# Anyone go boating with their dog?



## stacey_eight (Sep 20, 2010)

We took Zeke out on the boat last summer as a puppy and he was fine. He stayed calm and would eventually fall asleep. He hasn't been on it since last October and I'm dying to bring him along again. It's a ski boat and we love to ski/tube/swim. I don't know why but I'm worried that he won't be so well behaved this year. He's especially bonded to me and I'm worried he'll jump off the boat if I'm skiing behind it. Also, if we're anchored and swimming, I don't know how we'd ever get him in the boat if he jumped off.

Could you please tell me how you go boating with your dogs? Do you put a lifevest on them? Have you devised a way to get them in and out of the water?


----------



## Emoore (Oct 9, 2002)

I go boating with my dogs.

I don't let them out of the boat unless I can touch the bottom, because I have to lift them back up into the boat. 

I don't make them wear a life vest, it's just too darn hot.

I have someone hold the leash if I'm skiing because I think they'd jump in after me.


----------



## slefferd (Jan 11, 2011)

We plan on boating with ours. In the overtons catalog they sell a doggie ramp that attaches to the back of your boat, similar to a ladder, but its more of a floating ramp. Ive been thinking about this as well, im afraid im not going to beable to get him back in the boat if he jumps out. He love the water so much


----------



## vomlittlehaus (Aug 24, 2010)

I dont let Yoko go on the boat without her lifejacket. It has a handle on the back that she can be lifted by. Ruffwear, I think has some. Outward hound too. I am going to look into that overtons ramp too. Thanks for the info.


----------



## Mac's Mom (Jun 7, 2010)

Emoore said:


> I go boating with my dogs.
> 
> I don't let them out of the boat unless I can touch the bottom, because I have to lift them back up into the boat.
> 
> ...


Yeah this is what we do too. If either of us gets out of the boat, he will jump in after us so we stay in the swallow and lift the motor. If we are in deep water one of us holds his lead.


----------



## DonP (Apr 13, 2009)

I would practice either in the driveway or tied at the dock with treats and a clicker if that's what you use. Make him get in and out of the boat on command and stay either on the boat or off until you tell him otherwise. Hide from him when he's on the boat but keep an eye on him. the PFD with the handle on the back (Ruffwear) works great. We take Iska on our tandem kayak and she does well. I know, there's a lot less hazards than on a power boat but the theory is the same. I've seen several people try to take their dogs on boats without any training and it never went well.


----------



## Whiteshepherds (Aug 21, 2010)

We take them kayaking and canoeing and they both wear lifejvests. They aren't allowed to go into the water unless we're near shore or a sandbar.


----------



## Packen (Sep 14, 2008)

I take mine boating, he loves it. The key is to practice un-board/board routines in a safe place so it is very clear to the dog, I taught Gnash to climb aboard onto the swim deck and into the boat on his own, he jumps out at command. It is important to have good obedience control otherwise you will need a second person to control the dog and play it safe.


----------



## GSDolch (May 15, 2006)

When I lived in St. Croix, we had some friends who's boat was modified specifically for their dogs, lol. It was so awesome. They lived on their boat so they had to have these things done. (they had railing all around the boat, steps to get out of the water and a swim deck).

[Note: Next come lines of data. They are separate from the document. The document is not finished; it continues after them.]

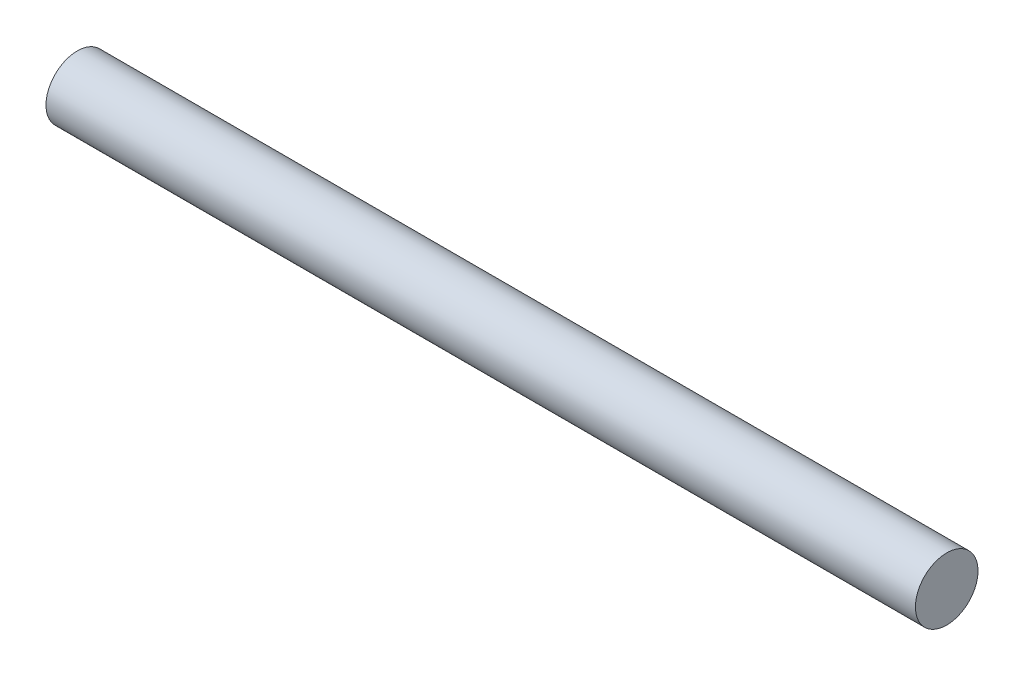
ISO-10303-21;
HEADER;
FILE_DESCRIPTION(('STEP AP214'),'2;1');
FILE_NAME('part.step','',(''),(''),'','','');
FILE_SCHEMA(('AUTOMOTIVE_DESIGN { 1 0 10303 214 1 1 1 1 }'));
ENDSEC;
DATA;
#1=APPLICATION_CONTEXT('core data for automotive mechanical design processes');
#2=APPLICATION_PROTOCOL_DEFINITION('international standard','automotive_design',2000,#1);
#3=PRODUCT_CONTEXT('',#1,'mechanical');
#4=PRODUCT('Part','Part','',(#3));
#5=PRODUCT_RELATED_PRODUCT_CATEGORY('part','',(#4));
#6=PRODUCT_DEFINITION_FORMATION('','',#4);
#7=PRODUCT_DEFINITION_CONTEXT('part definition',#1,'design');
#8=PRODUCT_DEFINITION('design','',#6,#7);
#9=PRODUCT_DEFINITION_SHAPE('','',#8);
#10=(LENGTH_UNIT() NAMED_UNIT(*) SI_UNIT(.MILLI.,.METRE.));
#11=(NAMED_UNIT(*) PLANE_ANGLE_UNIT() SI_UNIT($,.RADIAN.));
#12=(NAMED_UNIT(*) SI_UNIT($,.STERADIAN.) SOLID_ANGLE_UNIT());
#13=UNCERTAINTY_MEASURE_WITH_UNIT(LENGTH_MEASURE(1.E-05),#10,'distance_accuracy_value','');
#14=(GEOMETRIC_REPRESENTATION_CONTEXT(3) GLOBAL_UNCERTAINTY_ASSIGNED_CONTEXT((#13)) GLOBAL_UNIT_ASSIGNED_CONTEXT((#10,
#11,#12)) REPRESENTATION_CONTEXT('',''));
#15=CARTESIAN_POINT('',(0.,0.,0.));
#16=DIRECTION('',(0.,0.,1.));
#17=DIRECTION('',(1.,0.,0.));
#18=AXIS2_PLACEMENT_3D('',#15,#16,#17);
#19=CARTESIAN_POINT('',(-250.,0.,0.));
#20=DIRECTION('',(1.,0.,0.));
#21=DIRECTION('',(0.,1.,0.));
#22=AXIS2_PLACEMENT_3D('',#19,#20,#21);
#23=PLANE('',#22);
#24=CARTESIAN_POINT('',(-250.,0.,0.));
#25=DIRECTION('',(-1.,0.,0.));
#26=DIRECTION('',(0.,-1.,0.));
#27=AXIS2_PLACEMENT_3D('',#24,#25,#26);
#28=CIRCLE('',#27,18.);
#29=CARTESIAN_POINT('',(-250.,-18.,0.));
#30=VERTEX_POINT('',#29);
#31=EDGE_CURVE('E10',#30,#30,#28,.T.);
#32=ORIENTED_EDGE('',*,*,#31,.T.);
#33=EDGE_LOOP('',(#32));
#34=FACE_BOUND('',#33,.T.);
#35=ADVANCED_FACE('F36',(#34),#23,.F.);
#36=CARTESIAN_POINT('',(-250.,0.,0.));
#37=DIRECTION('',(-1.,0.,0.));
#38=DIRECTION('',(0.,-1.,0.));
#39=AXIS2_PLACEMENT_3D('',#36,#37,#38);
#40=CYLINDRICAL_SURFACE('',#39,18.);
#41=ORIENTED_EDGE('',*,*,#31,.F.);
#42=EDGE_LOOP('',(#41));
#43=FACE_BOUND('',#42,.T.);
#44=CARTESIAN_POINT('',(250.,0.,0.));
#45=DIRECTION('',(-1.,0.,0.));
#46=DIRECTION('',(0.,-1.,0.));
#47=AXIS2_PLACEMENT_3D('',#44,#45,#46);
#48=CIRCLE('',#47,18.);
#49=CARTESIAN_POINT('',(250.,-17.9999999999999,0.));
#50=VERTEX_POINT('',#49);
#51=EDGE_CURVE('E42',#50,#50,#48,.T.);
#52=ORIENTED_EDGE('',*,*,#51,.T.);
#53=EDGE_LOOP('',(#52));
#54=FACE_BOUND('',#53,.T.);
#55=ADVANCED_FACE('F48',(#43,#54),#40,.T.);
#56=CARTESIAN_POINT('',(250.,18.0000000000001,0.));
#57=DIRECTION('',(-1.,0.,0.));
#58=DIRECTION('',(0.,-1.,0.));
#59=AXIS2_PLACEMENT_3D('',#56,#57,#58);
#60=PLANE('',#59);
#61=ORIENTED_EDGE('',*,*,#51,.F.);
#62=EDGE_LOOP('',(#61));
#63=FACE_BOUND('',#62,.T.);
#64=ADVANCED_FACE('F50',(#63),#60,.F.);
#65=CLOSED_SHELL('',(#35,#55,#64));
#66=MANIFOLD_SOLID_BREP('B2',#65);
#67=ADVANCED_BREP_SHAPE_REPRESENTATION('',(#18,#66),#14);
#68=SHAPE_DEFINITION_REPRESENTATION(#9,#67);
ENDSEC;
END-ISO-10303-21;
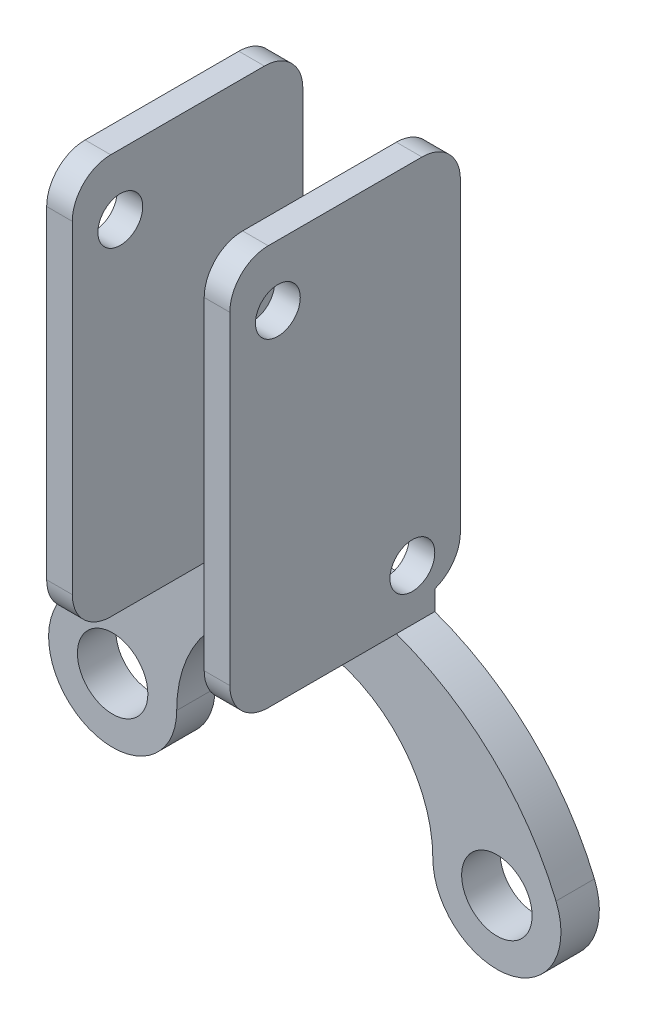
ISO-10303-21;
HEADER;
FILE_DESCRIPTION(('STEP AP214'),'2;1');
FILE_NAME('part.step','',(''),(''),'','','');
FILE_SCHEMA(('AUTOMOTIVE_DESIGN { 1 0 10303 214 1 1 1 1 }'));
ENDSEC;
DATA;
#1=APPLICATION_CONTEXT('core data for automotive mechanical design processes');
#2=APPLICATION_PROTOCOL_DEFINITION('international standard','automotive_design',2000,#1);
#3=PRODUCT_CONTEXT('',#1,'mechanical');
#4=PRODUCT('Part','Part','',(#3));
#5=PRODUCT_RELATED_PRODUCT_CATEGORY('part','',(#4));
#6=PRODUCT_DEFINITION_FORMATION('','',#4);
#7=PRODUCT_DEFINITION_CONTEXT('part definition',#1,'design');
#8=PRODUCT_DEFINITION('design','',#6,#7);
#9=PRODUCT_DEFINITION_SHAPE('','',#8);
#10=(LENGTH_UNIT() NAMED_UNIT(*) SI_UNIT(.MILLI.,.METRE.));
#11=(NAMED_UNIT(*) PLANE_ANGLE_UNIT() SI_UNIT($,.RADIAN.));
#12=(NAMED_UNIT(*) SI_UNIT($,.STERADIAN.) SOLID_ANGLE_UNIT());
#13=UNCERTAINTY_MEASURE_WITH_UNIT(LENGTH_MEASURE(1.E-05),#10,'distance_accuracy_value','');
#14=(GEOMETRIC_REPRESENTATION_CONTEXT(3) GLOBAL_UNCERTAINTY_ASSIGNED_CONTEXT((#13)) GLOBAL_UNIT_ASSIGNED_CONTEXT((#10,
#11,#12)) REPRESENTATION_CONTEXT('',''));
#15=CARTESIAN_POINT('',(0.,0.,0.));
#16=DIRECTION('',(0.,0.,1.));
#17=DIRECTION('',(1.,0.,0.));
#18=AXIS2_PLACEMENT_3D('',#15,#16,#17);
#19=CARTESIAN_POINT('',(0.,0.,0.));
#20=DIRECTION('',(0.,0.,1.));
#21=DIRECTION('',(1.,0.,0.));
#22=AXIS2_PLACEMENT_3D('',#19,#20,#21);
#23=PLANE('',#22);
#24=CARTESIAN_POINT('',(-15.,45.,0.));
#25=DIRECTION('',(0.,0.,1.));
#26=DIRECTION('',(1.,0.,0.));
#27=AXIS2_PLACEMENT_3D('',#24,#25,#26);
#28=CIRCLE('',#27,2.75);
#29=CARTESIAN_POINT('',(-12.25,45.,0.));
#30=VERTEX_POINT('',#29);
#31=EDGE_CURVE('E347',#30,#30,#28,.F.);
#32=ORIENTED_EDGE('',*,*,#31,.F.);
#33=EDGE_LOOP('',(#32));
#34=FACE_BOUND('',#33,.T.);
#35=CARTESIAN_POINT('',(15.,45.,0.));
#36=DIRECTION('',(0.,0.,1.));
#37=DIRECTION('',(1.,0.,0.));
#38=AXIS2_PLACEMENT_3D('',#35,#36,#37);
#39=CIRCLE('',#38,2.75);
#40=CARTESIAN_POINT('',(17.75,45.,0.));
#41=VERTEX_POINT('',#40);
#42=EDGE_CURVE('E343',#41,#41,#39,.F.);
#43=ORIENTED_EDGE('',*,*,#42,.F.);
#44=EDGE_LOOP('',(#43));
#45=FACE_BOUND('',#44,.T.);
#46=DIRECTION('',(-1.,0.,0.));
#47=VECTOR('',#46,1.);
#48=CARTESIAN_POINT('',(-5.15,60.3,0.));
#49=LINE('',#48,#47);
#50=CARTESIAN_POINT('',(-5.15,60.3,0.));
#51=VERTEX_POINT('',#50);
#52=CARTESIAN_POINT('',(-7.15,60.3,0.));
#53=VERTEX_POINT('',#52);
#54=EDGE_CURVE('E202',#51,#53,#49,.T.);
#55=ORIENTED_EDGE('',*,*,#54,.F.);
#56=DIRECTION('',(0.,1.,0.));
#57=VECTOR('',#56,1.);
#58=CARTESIAN_POINT('',(-5.15000000000001,0.,0.));
#59=LINE('',#58,#57);
#60=CARTESIAN_POINT('',(-5.15,60.,0.));
#61=VERTEX_POINT('',#60);
#62=EDGE_CURVE('E205',#61,#51,#59,.T.);
#63=ORIENTED_EDGE('',*,*,#62,.F.);
#64=DIRECTION('',(-1.,0.,0.));
#65=VECTOR('',#64,1.);
#66=CARTESIAN_POINT('',(0.,60.,0.));
#67=LINE('',#66,#65);
#68=CARTESIAN_POINT('',(5.15,60.,0.));
#69=VERTEX_POINT('',#68);
#70=EDGE_CURVE('E222',#69,#61,#67,.T.);
#71=ORIENTED_EDGE('',*,*,#70,.F.);
#72=DIRECTION('',(0.,1.,0.));
#73=VECTOR('',#72,1.);
#74=CARTESIAN_POINT('',(5.14999999999999,0.,0.));
#75=LINE('',#74,#73);
#76=CARTESIAN_POINT('',(5.14999999999999,60.3,0.));
#77=VERTEX_POINT('',#76);
#78=EDGE_CURVE('E362',#69,#77,#75,.T.);
#79=ORIENTED_EDGE('',*,*,#78,.T.);
#80=DIRECTION('',(-1.,0.,0.));
#81=VECTOR('',#80,1.);
#82=CARTESIAN_POINT('',(7.15,60.3,0.));
#83=LINE('',#82,#81);
#84=CARTESIAN_POINT('',(7.15,60.3,0.));
#85=VERTEX_POINT('',#84);
#86=EDGE_CURVE('E416',#85,#77,#83,.T.);
#87=ORIENTED_EDGE('',*,*,#86,.F.);
#88=DIRECTION('',(0.,1.,0.));
#89=VECTOR('',#88,1.);
#90=CARTESIAN_POINT('',(7.15,0.,0.));
#91=LINE('',#90,#89);
#92=CARTESIAN_POINT('',(7.15,58.7609969766626,0.));
#93=VERTEX_POINT('',#92);
#94=EDGE_CURVE('E365',#93,#85,#91,.T.);
#95=ORIENTED_EDGE('',*,*,#94,.F.);
#96=CARTESIAN_POINT('',(0.,38.75,0.));
#97=DIRECTION('',(0.,0.,1.));
#98=DIRECTION('',(1.,0.,0.));
#99=AXIS2_PLACEMENT_3D('',#96,#97,#98);
#100=CIRCLE('',#99,21.25);
#101=CARTESIAN_POINT('',(19.6153846153846,46.9230769230769,0.));
#102=VERTEX_POINT('',#101);
#103=EDGE_CURVE('E368',#102,#93,#100,.T.);
#104=ORIENTED_EDGE('',*,*,#103,.F.);
#105=CARTESIAN_POINT('',(15.,45.,0.));
#106=DIRECTION('',(0.,0.,1.));
#107=DIRECTION('',(1.,0.,0.));
#108=AXIS2_PLACEMENT_3D('',#105,#106,#107);
#109=CIRCLE('',#108,5.);
#110=CARTESIAN_POINT('',(10.,45.,0.));
#111=VERTEX_POINT('',#110);
#112=EDGE_CURVE('E350',#111,#102,#109,.T.);
#113=ORIENTED_EDGE('',*,*,#112,.F.);
#114=CARTESIAN_POINT('',(0.,45.,0.));
#115=DIRECTION('',(0.,0.,1.));
#116=DIRECTION('',(1.,0.,0.));
#117=AXIS2_PLACEMENT_3D('',#114,#115,#116);
#118=CIRCLE('',#117,10.);
#119=CARTESIAN_POINT('',(-10.,45.,0.));
#120=VERTEX_POINT('',#119);
#121=EDGE_CURVE('E352',#111,#120,#118,.T.);
#122=ORIENTED_EDGE('',*,*,#121,.T.);
#123=CARTESIAN_POINT('',(-15.,45.,0.));
#124=DIRECTION('',(0.,0.,1.));
#125=DIRECTION('',(1.,0.,0.));
#126=AXIS2_PLACEMENT_3D('',#123,#124,#125);
#127=CIRCLE('',#126,5.);
#128=CARTESIAN_POINT('',(-19.6153846153846,46.9230769230769,0.));
#129=VERTEX_POINT('',#128);
#130=EDGE_CURVE('E355',#129,#120,#127,.T.);
#131=ORIENTED_EDGE('',*,*,#130,.F.);
#132=CARTESIAN_POINT('',(0.,38.75,0.));
#133=DIRECTION('',(0.,0.,1.));
#134=DIRECTION('',(1.,0.,0.));
#135=AXIS2_PLACEMENT_3D('',#132,#133,#134);
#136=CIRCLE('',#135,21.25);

I am seriously wanting to take up canoeing. I hope to train any dog I have at the time to safely go with me.


----------



## Chicagocanine (Aug 7, 2008)

I use a Ruffwear life vest, unless it's a "big" boat such as if we're going on a cruise/tour type thing.


----------



## MicheleMarie (Mar 29, 2011)

haha we go white river rafting and camping!!!!

because of the rapids a life vest is a must for me. i ALWAYS sit at the front of the raft with her to make sure she doesn't jump out-she knows i don't want her too..but you never know-she still gets a little nervous when she can start to here the rapids but loves the little stuff. i let her jump over the side in calm water and she gets back into the boat when we pull over close to the shore and she can just hop back in.


----------



## onyx'girl (May 18, 2007)

Lived on a lake a long time ago, and paddleboated regularly with Stomper. He was my counterweight. We took the dogs often when we went out in our speedboat, Black Jack the border collie would randomly jump out and head for shore, then home. So he quit going on boat rides.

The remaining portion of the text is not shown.